[TASK INSTRUCTIONS] Please set down the lines of the listing exactly, from its first line to the line with "#6=PRODUCT_DEFINITION_FORMATION('','',#4);", leaving the pictures out.

[SOURCE RECORDS]
*-*-*

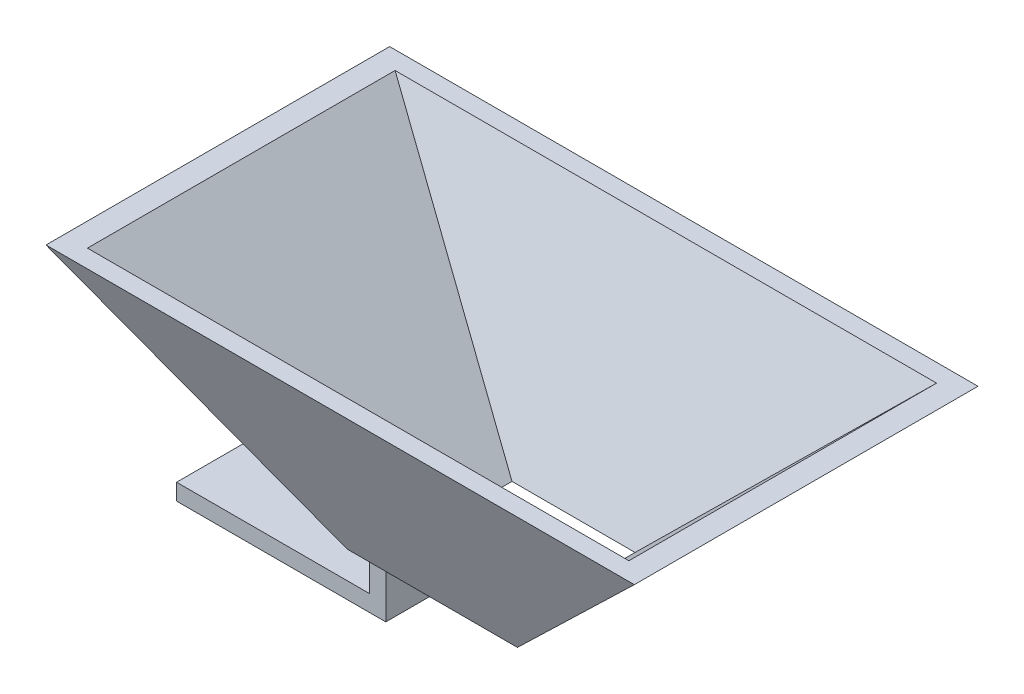
ISO-10303-21;
HEADER;
FILE_DESCRIPTION(('STEP AP214'),'2;1');
FILE_NAME('part.step','',(''),(''),'','','');
FILE_SCHEMA(('AUTOMOTIVE_DESIGN { 1 0 10303 214 1 1 1 1 }'));
ENDSEC;
DATA;
#1=APPLICATION_CONTEXT('core data for automotive mechanical design processes');
#2=APPLICATION_PROTOCOL_DEFINITION('international standard','automotive_design',2000,#1);
#3=PRODUCT_CONTEXT('',#1,'mechanical');
#4=PRODUCT('Part','Part','',(#3));
#5=PRODUCT_RELATED_PRODUCT_CATEGORY('part','',(#4));
#6=PRODUCT_DEFINITION_FORMATION('','',#4);
#7=PRODUCT_DEFINITION_CONTEXT('part definition',#1,'design');
#8=PRODUCT_DEFINITION('design','',#6,#7);
#9=PRODUCT_DEFINITION_SHAPE('','',#8);
#10=(LENGTH_UNIT() NAMED_UNIT(*) SI_UNIT(.MILLI.,.METRE.));
#11=(NAMED_UNIT(*) PLANE_ANGLE_UNIT() SI_UNIT($,.RADIAN.));
#12=(NAMED_UNIT(*) SI_UNIT($,.STERADIAN.) SOLID_ANGLE_UNIT());
#13=UNCERTAINTY_MEASURE_WITH_UNIT(LENGTH_MEASURE(1.E-05),#10,'distance_accuracy_value','');
#14=(GEOMETRIC_REPRESENTATION_CONTEXT(3) GLOBAL_UNCERTAINTY_ASSIGNED_CONTEXT((#13)) GLOBAL_UNIT_ASSIGNED_CONTEXT((#10,
#11,#12)) REPRESENTATION_CONTEXT('',''));
#15=CARTESIAN_POINT('',(0.,0.,0.));
#16=DIRECTION('',(0.,0.,1.));
#17=DIRECTION('',(1.,0.,0.));
#18=AXIS2_PLACEMENT_3D('',#15,#16,#17);
#19=CARTESIAN_POINT('',(-24.7137028274141,0.,10.0496971461617));
#20=DIRECTION('',(1.,0.,0.));
#21=DIRECTION('',(0.,0.,-1.));
#22=AXIS2_PLACEMENT_3D('',#19,#20,#21);
#23=PLANE('',#22);
#24=DIRECTION('',(0.,0.,-1.));
#25=VECTOR('',#24,1.);
#26=CARTESIAN_POINT('',(-24.7137028274141,-16.,10.0496971461617));
#27=LINE('',#26,#25);
#28=CARTESIAN_POINT('',(-24.7137028274141,-16.,10.0496971461617));
#29=VERTEX_POINT('',#28);
#30=CARTESIAN_POINT('',(-24.7137028274141,-16.,-9.95030285383827));
#31=VERTEX_POINT('',#30);
#32=EDGE_CURVE('E228',#29,#31,#27,.T.);
#33=ORIENTED_EDGE('',*,*,#32,.F.);
#34=DIRECTION('',(0.,-1.,0.));
#35=VECTOR('',#34,1.);
#36=CARTESIAN_POINT('',(-24.7137028274141,0.,10.0496971461617));
#37=LINE('',#36,#35);
#38=CARTESIAN_POINT('',(-24.7137028274141,-1.6801008111903,10.0496971461617));
#39=VERTEX_POINT('',#38);
#40=EDGE_CURVE('E234',#39,#29,#37,.T.);
#41=ORIENTED_EDGE('',*,*,#40,.F.);
#42=DIRECTION('',(0.,0.,-1.));
#43=VECTOR('',#42,1.);
#44=CARTESIAN_POINT('',(-24.7137028274141,-1.68010081119031,0.));
#45=LINE('',#44,#43);
#46=CARTESIAN_POINT('',(-24.7137028274141,-1.6801008111903,-9.95030285383827));
#47=VERTEX_POINT('',#46);
#48=EDGE_CURVE('E13',#39,#47,#45,.T.);
#49=ORIENTED_EDGE('',*,*,#48,.T.);
#50=DIRECTION('',(0.,-1.,0.));
#51=VECTOR('',#50,1.);
#52=CARTESIAN_POINT('',(-24.7137028274141,0.,-9.95030285383827));
#53=LINE('',#52,#51);
#54=EDGE_CURVE('E236',#47,#31,#53,.T.);
#55=ORIENTED_EDGE('',*,*,#54,.T.);
#56=EDGE_LOOP('',(#33,#41,#49,#55));
#57=FACE_BOUND('',#56,.T.);
#58=ADVANCED_FACE('F96',(#57),#23,.F.);
#59=CARTESIAN_POINT('',(-12.9520709933485,-13.2111124132154,0.));
#60=DIRECTION('',(0.700071410926057,0.714072839144579,0.));
#61=DIRECTION('',(-0.714072839144579,0.700071410926057,0.));
#62=AXIS2_PLACEMENT_3D('',#59,#60,#61);
#63=PLANE('',#62);
#64=ORIENTED_EDGE('',*,*,#48,.F.);
#65=DIRECTION('',(-0.714072839144579,0.700071410926057,0.));
#66=VECTOR('',#65,1.);
#67=CARTESIAN_POINT('',(-23.5139884711183,-2.85629135657831,10.0496971461617));
#68=LINE('',#67,#66);
#69=CARTESIAN_POINT('',(-59.2176304283473,32.1472791897246,10.0496971461617));
#70=VERTEX_POINT('',#69);
#71=EDGE_CURVE('E276',#39,#70,#68,.T.);
#72=ORIENTED_EDGE('',*,*,#71,.T.);
#73=DIRECTION('',(0.,0.,-1.));
#74=VECTOR('',#73,1.);
#75=CARTESIAN_POINT('',(-59.2176304283473,32.1472791897246,10.0496971461617));
#76=LINE('',#75,#74);
#77=CARTESIAN_POINT('',(-59.2176304283473,32.1472791897246,-9.95030285383827));
#78=VERTEX_POINT('',#77);
#79=EDGE_CURVE('E279',#70,#78,#76,.T.);
#80=ORIENTED_EDGE('',*,*,#79,.T.);
#81=DIRECTION('',(0.714072839144579,-0.700071410926057,0.));
#82=VECTOR('',#81,1.);
#83=CARTESIAN_POINT('',(-59.2176304283473,32.1472791897246,-9.95030285383827));
#84=LINE('',#83,#82);
#85=EDGE_CURVE('E116',#78,#47,#84,.T.);
#86=ORIENTED_EDGE('',*,*,#85,.T.);
#87=EDGE_LOOP('',(#64,#72,#80,#86));
#88=FACE_BOUND('',#87,.T.);
#89=ADVANCED_FACE('F437',(#88),#63,.F.);
#90=CARTESIAN_POINT('',(-17.8002856437042,-2.85629135657831,-15.));
#91=DIRECTION('',(-0.700071410926057,-0.714072839144579,0.));
#92=DIRECTION('',(0.,0.,1.));
#93=AXIS2_PLACEMENT_3D('',#90,#91,#92);
#94=PLANE('',#93);
#95=DIRECTION('',(0.,0.,1.));
#96=VECTOR('',#95,1.);
#97=CARTESIAN_POINT('',(-20.7137028274141,0.,0.));
#98=LINE('',#97,#96);
#99=CARTESIAN_POINT('',(-20.7137028274141,0.,-19.3863424398923));
#100=VERTEX_POINT('',#99);
#101=CARTESIAN_POINT('',(-20.7137028274141,0.,-9.95030285383827));
#102=VERTEX_POINT('',#101);
#103=EDGE_CURVE('E374',#100,#102,#98,.T.);
#104=ORIENTED_EDGE('',*,*,#103,.T.);
#105=DIRECTION('',(0.714072839144579,-0.700071410926057,0.));
#106=VECTOR('',#105,1.);
#107=CARTESIAN_POINT('',(-56.4173447846431,35.0035705463029,-9.95030285383827));
#108=LINE('',#107,#106);
#109=CARTESIAN_POINT('',(-56.4173447846431,35.0035705463029,-9.95030285383827));
#110=VERTEX_POINT('',#109);
#111=EDGE_CURVE('E265',#110,#102,#108,.T.);
#112=ORIENTED_EDGE('',*,*,#111,.F.);
#113=DIRECTION('',(0.,0.,-1.));
#114=VECTOR('',#113,1.);
#115=CARTESIAN_POINT('',(-56.4173447846431,35.0035705463029,10.0496971461617));
#116=LINE('',#115,#114);
#117=CARTESIAN_POINT('',(-56.4173447846431,35.0035705463029,10.0496971461617));
#118=VERTEX_POINT('',#117);
#119=EDGE_CURVE('E311',#118,#110,#116,.T.);
#120=ORIENTED_EDGE('',*,*,#119,.F.);
#121=DIRECTION('',(-0.714072839144579,0.700071410926057,0.));
#122=VECTOR('',#121,1.);
#123=CARTESIAN_POINT('',(-20.7137028274141,0.,10.0496971461617));
#124=LINE('',#123,#122);
#125=CARTESIAN_POINT('',(-20.7137028274141,0.,10.0496971461617));
#126=VERTEX_POINT('',#125);
#127=EDGE_CURVE('E315',#126,#118,#124,.T.);
#128=ORIENTED_EDGE('',*,*,#127,.F.);
#129=CARTESIAN_POINT('',(-20.7137028274141,0.,19.3863424398923));
#130=VERTEX_POINT('',#129);
#131=EDGE_CURVE('E365',#126,#130,#98,.T.);
#132=ORIENTED_EDGE('',*,*,#131,.T.);
#133=DIRECTION('',(-0.681075434754826,0.667721014465515,0.300474456509482));
#134=VECTOR('',#133,1.);
#135=CARTESIAN_POINT('',(-11.0263036560056,-9.49745016804757,15.1124898642709));
#136=LINE('',#135,#134);
#137=CARTESIAN_POINT('',(-71.7137028274141,50.,41.8863424398923));
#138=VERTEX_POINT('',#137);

*-*-*

[SOLUTION FOR THIS PROBLEM]
ISO-10303-21;
HEADER;
FILE_DESCRIPTION(('STEP AP214'),'2;1');
FILE_NAME('part.step','',(''),(''),'','','');
FILE_SCHEMA(('AUTOMOTIVE_DESIGN { 1 0 10303 214 1 1 1 1 }'));
ENDSEC;
DATA;
#1=APPLICATION_CONTEXT('core data for automotive mechanical design processes');
#2=APPLICATION_PROTOCOL_DEFINITION('international standard','automotive_design',2000,#1);
#3=PRODUCT_CONTEXT('',#1,'mechanical');
#4=PRODUCT('Part','Part','',(#3));
#5=PRODUCT_RELATED_PRODUCT_CATEGORY('part','',(#4));
#6=PRODUCT_DEFINITION_FORMATION('','',#4);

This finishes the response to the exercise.